%%
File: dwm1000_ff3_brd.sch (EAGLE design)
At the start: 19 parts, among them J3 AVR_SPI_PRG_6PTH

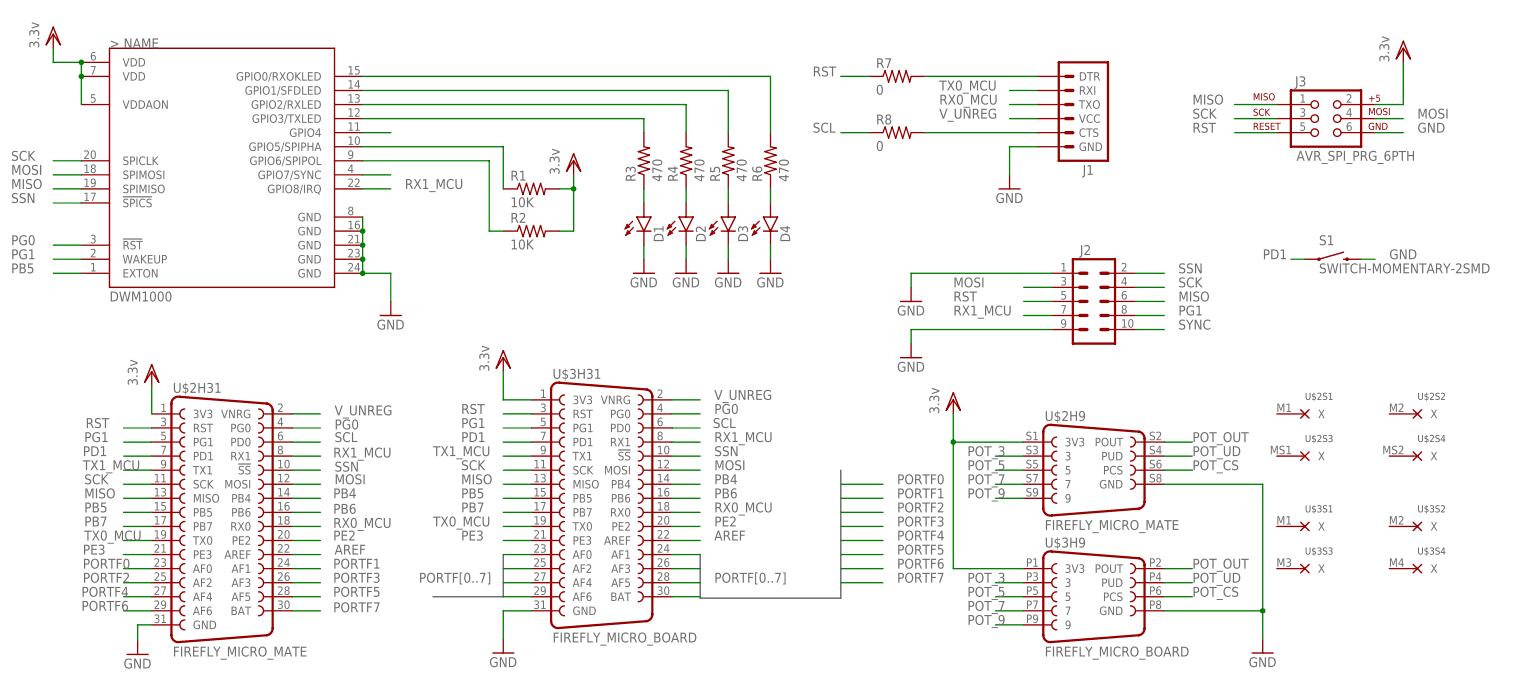
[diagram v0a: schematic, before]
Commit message: added firefly DWM1000 module
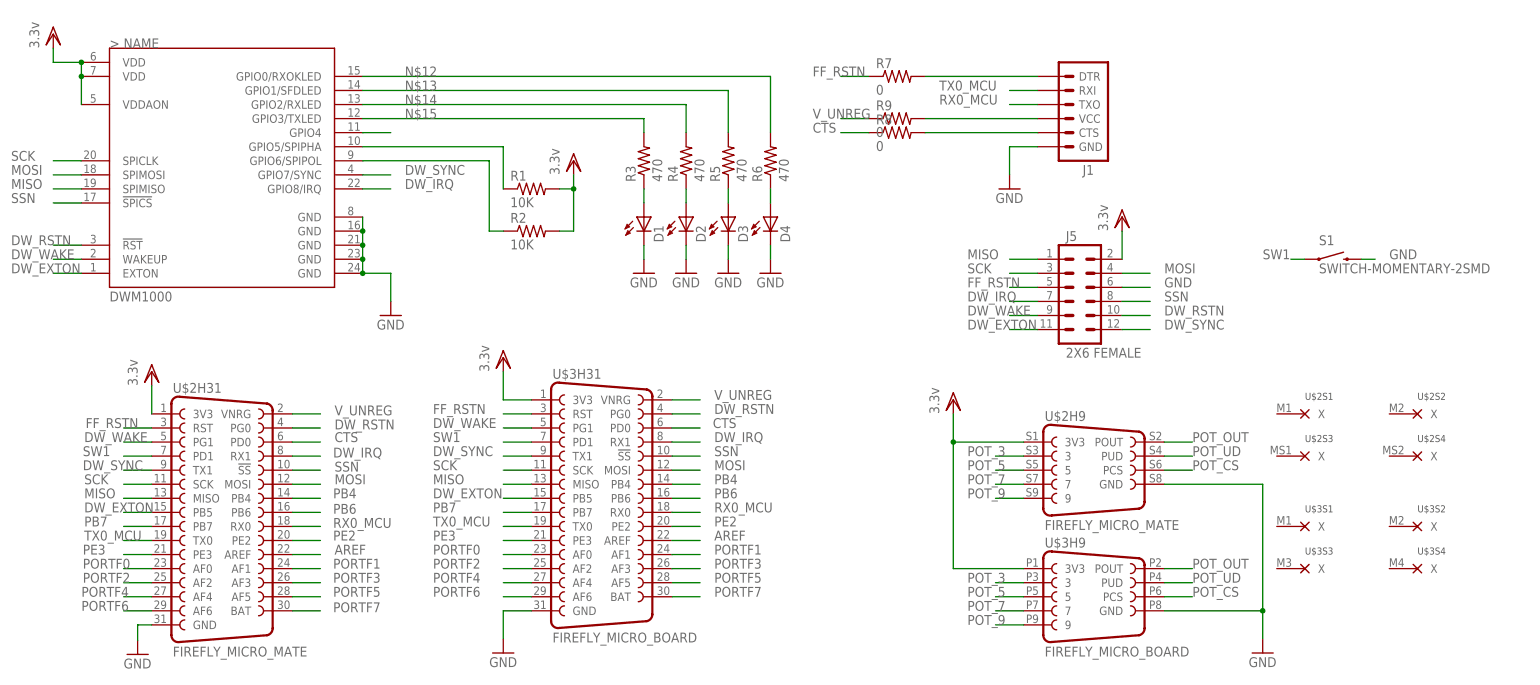
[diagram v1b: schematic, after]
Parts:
- removed J2: (no value), SparkFun-Connectors:M05X2SHD
- removed J3: AVR_SPI_PRG_6PTH, SparkFun-Connectors:AVR_SPI_PRG_6PTH
- added J5: 2X6 FEMALE, SparkFun-Connectors:M06X2PTH_FEMALE
- added R9: 0, rcl:R-US_R0603
- D1, D2, D3, D4: device SparkFun-LED:LED1206 -> led:LEDCHIP-LED0603
- R1, R2, R3, R4, R5, R6, R7, R8: device SparkFun-Passives:RESISTOR1206 -> rcl:R-US_R0603
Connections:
- net PD1 renamed SW1
- net SCL renamed CTS
- removed net N$11: U$1.GPIO7/SYNC
- removed net PB5: U$1.EXTON, U$2H31.PB5, U$3H31.PB5
- removed net PG0: U$1.!RST, U$2H31.PG0, U$3H31.PG0
- removed net PG1: J2.8, U$1.WAKEUP, U$2H31.PG1, U$3H31.PG1
- removed net RST: J2.5, J3.5, R7.1, U$2H31.RST, U$3H31.RST
- removed net RX1_MCU: J2.7, U$1.GPIO8/IRQ, U$2H31.RX1, U$3H31.RX1
- removed net SYNC: J2.10
- removed net TX1_MCU: U$2H31.TX1, U$3H31.TX1
- new net DW_EXTON: J5.11, U$1.EXTON, U$2H31.PB5, U$3H31.PB5
- new net DW_IRQ: J5.7, U$1.GPIO8/IRQ, U$2H31.RX1, U$3H31.RX1
- new net DW_RSTN: J5.10, U$1.!RST, U$2H31.PG0, U$3H31.PG0
- new net DW_SYNC: J5.12, U$1.GPIO7/SYNC, U$2H31.TX1, U$3H31.TX1
- new net DW_WAKE: J5.9, U$1.WAKEUP, U$2H31.PG1, U$3H31.PG1
- new net FF_RSTN: J5.5, R7.1, U$2H31.RST, U$3H31.RST
- new net N$6: J1.VCC, R9.2
- net GND: now also J5.6; no longer J2.1, J2.9, J3.6
- net MISO: now also J5.1; no longer J2.6, J3.1
- net MOSI: now also J5.4; no longer J2.3, J3.4
- net SCK: now also J5.3; no longer J2.4, J3.3
- net SSN: now also J5.8; no longer J2.2
- net VDD: now also J5.2; no longer J3.2
- net V_UNREG: now also R9.1; no longer J1.VCC
%%
→ **Exercise prompt**: All of the material should be written out again exactly, apart from the pictures.

→ **Solution**:
File: dwm1000_ff3_brd.sch (EAGLE design)
At the start: 19 parts, among them J3 AVR_SPI_PRG_6PTH

[diagram v0a: schematic, before]
Commit message: added firefly DWM1000 module
[diagram v1b: schematic, after]
Parts:
- removed J2: (no value), SparkFun-Connectors:M05X2SHD
- removed J3: AVR_SPI_PRG_6PTH, SparkFun-Connectors:AVR_SPI_PRG_6PTH
- added J5: 2X6 FEMALE, SparkFun-Connectors:M06X2PTH_FEMALE
- added R9: 0, rcl:R-US_R0603
- D1, D2, D3, D4: device SparkFun-LED:LED1206 -> led:LEDCHIP-LED0603
- R1, R2, R3, R4, R5, R6, R7, R8: device SparkFun-Passives:RESISTOR1206 -> rcl:R-US_R0603
Connections:
- net PD1 renamed SW1
- net SCL renamed CTS
- removed net N$11: U$1.GPIO7/SYNC
- removed net PB5: U$1.EXTON, U$2H31.PB5, U$3H31.PB5
- removed net PG0: U$1.!RST, U$2H31.PG0, U$3H31.PG0
- removed net PG1: J2.8, U$1.WAKEUP, U$2H31.PG1, U$3H31.PG1
- removed net RST: J2.5, J3.5, R7.1, U$2H31.RST, U$3H31.RST
- removed net RX1_MCU: J2.7, U$1.GPIO8/IRQ, U$2H31.RX1, U$3H31.RX1
- removed net SYNC: J2.10
- removed net TX1_MCU: U$2H31.TX1, U$3H31.TX1
- new net DW_EXTON: J5.11, U$1.EXTON, U$2H31.PB5, U$3H31.PB5
- new net DW_IRQ: J5.7, U$1.GPIO8/IRQ, U$2H31.RX1, U$3H31.RX1
- new net DW_RSTN: J5.10, U$1.!RST, U$2H31.PG0, U$3H31.PG0
- new net DW_SYNC: J5.12, U$1.GPIO7/SYNC, U$2H31.TX1, U$3H31.TX1
- new net DW_WAKE: J5.9, U$1.WAKEUP, U$2H31.PG1, U$3H31.PG1
- new net FF_RSTN: J5.5, R7.1, U$2H31.RST, U$3H31.RST
- new net N$6: J1.VCC, R9.2
- net GND: now also J5.6; no longer J2.1, J2.9, J3.6
- net MISO: now also J5.1; no longer J2.6, J3.1
- net MOSI: now also J5.4; no longer J2.3, J3.4
- net SCK: now also J5.3; no longer J2.4, J3.3
- net SSN: now also J5.8; no longer J2.2
- net VDD: now also J5.2; no longer J3.2
- net V_UNREG: now also R9.1; no longer J1.VCC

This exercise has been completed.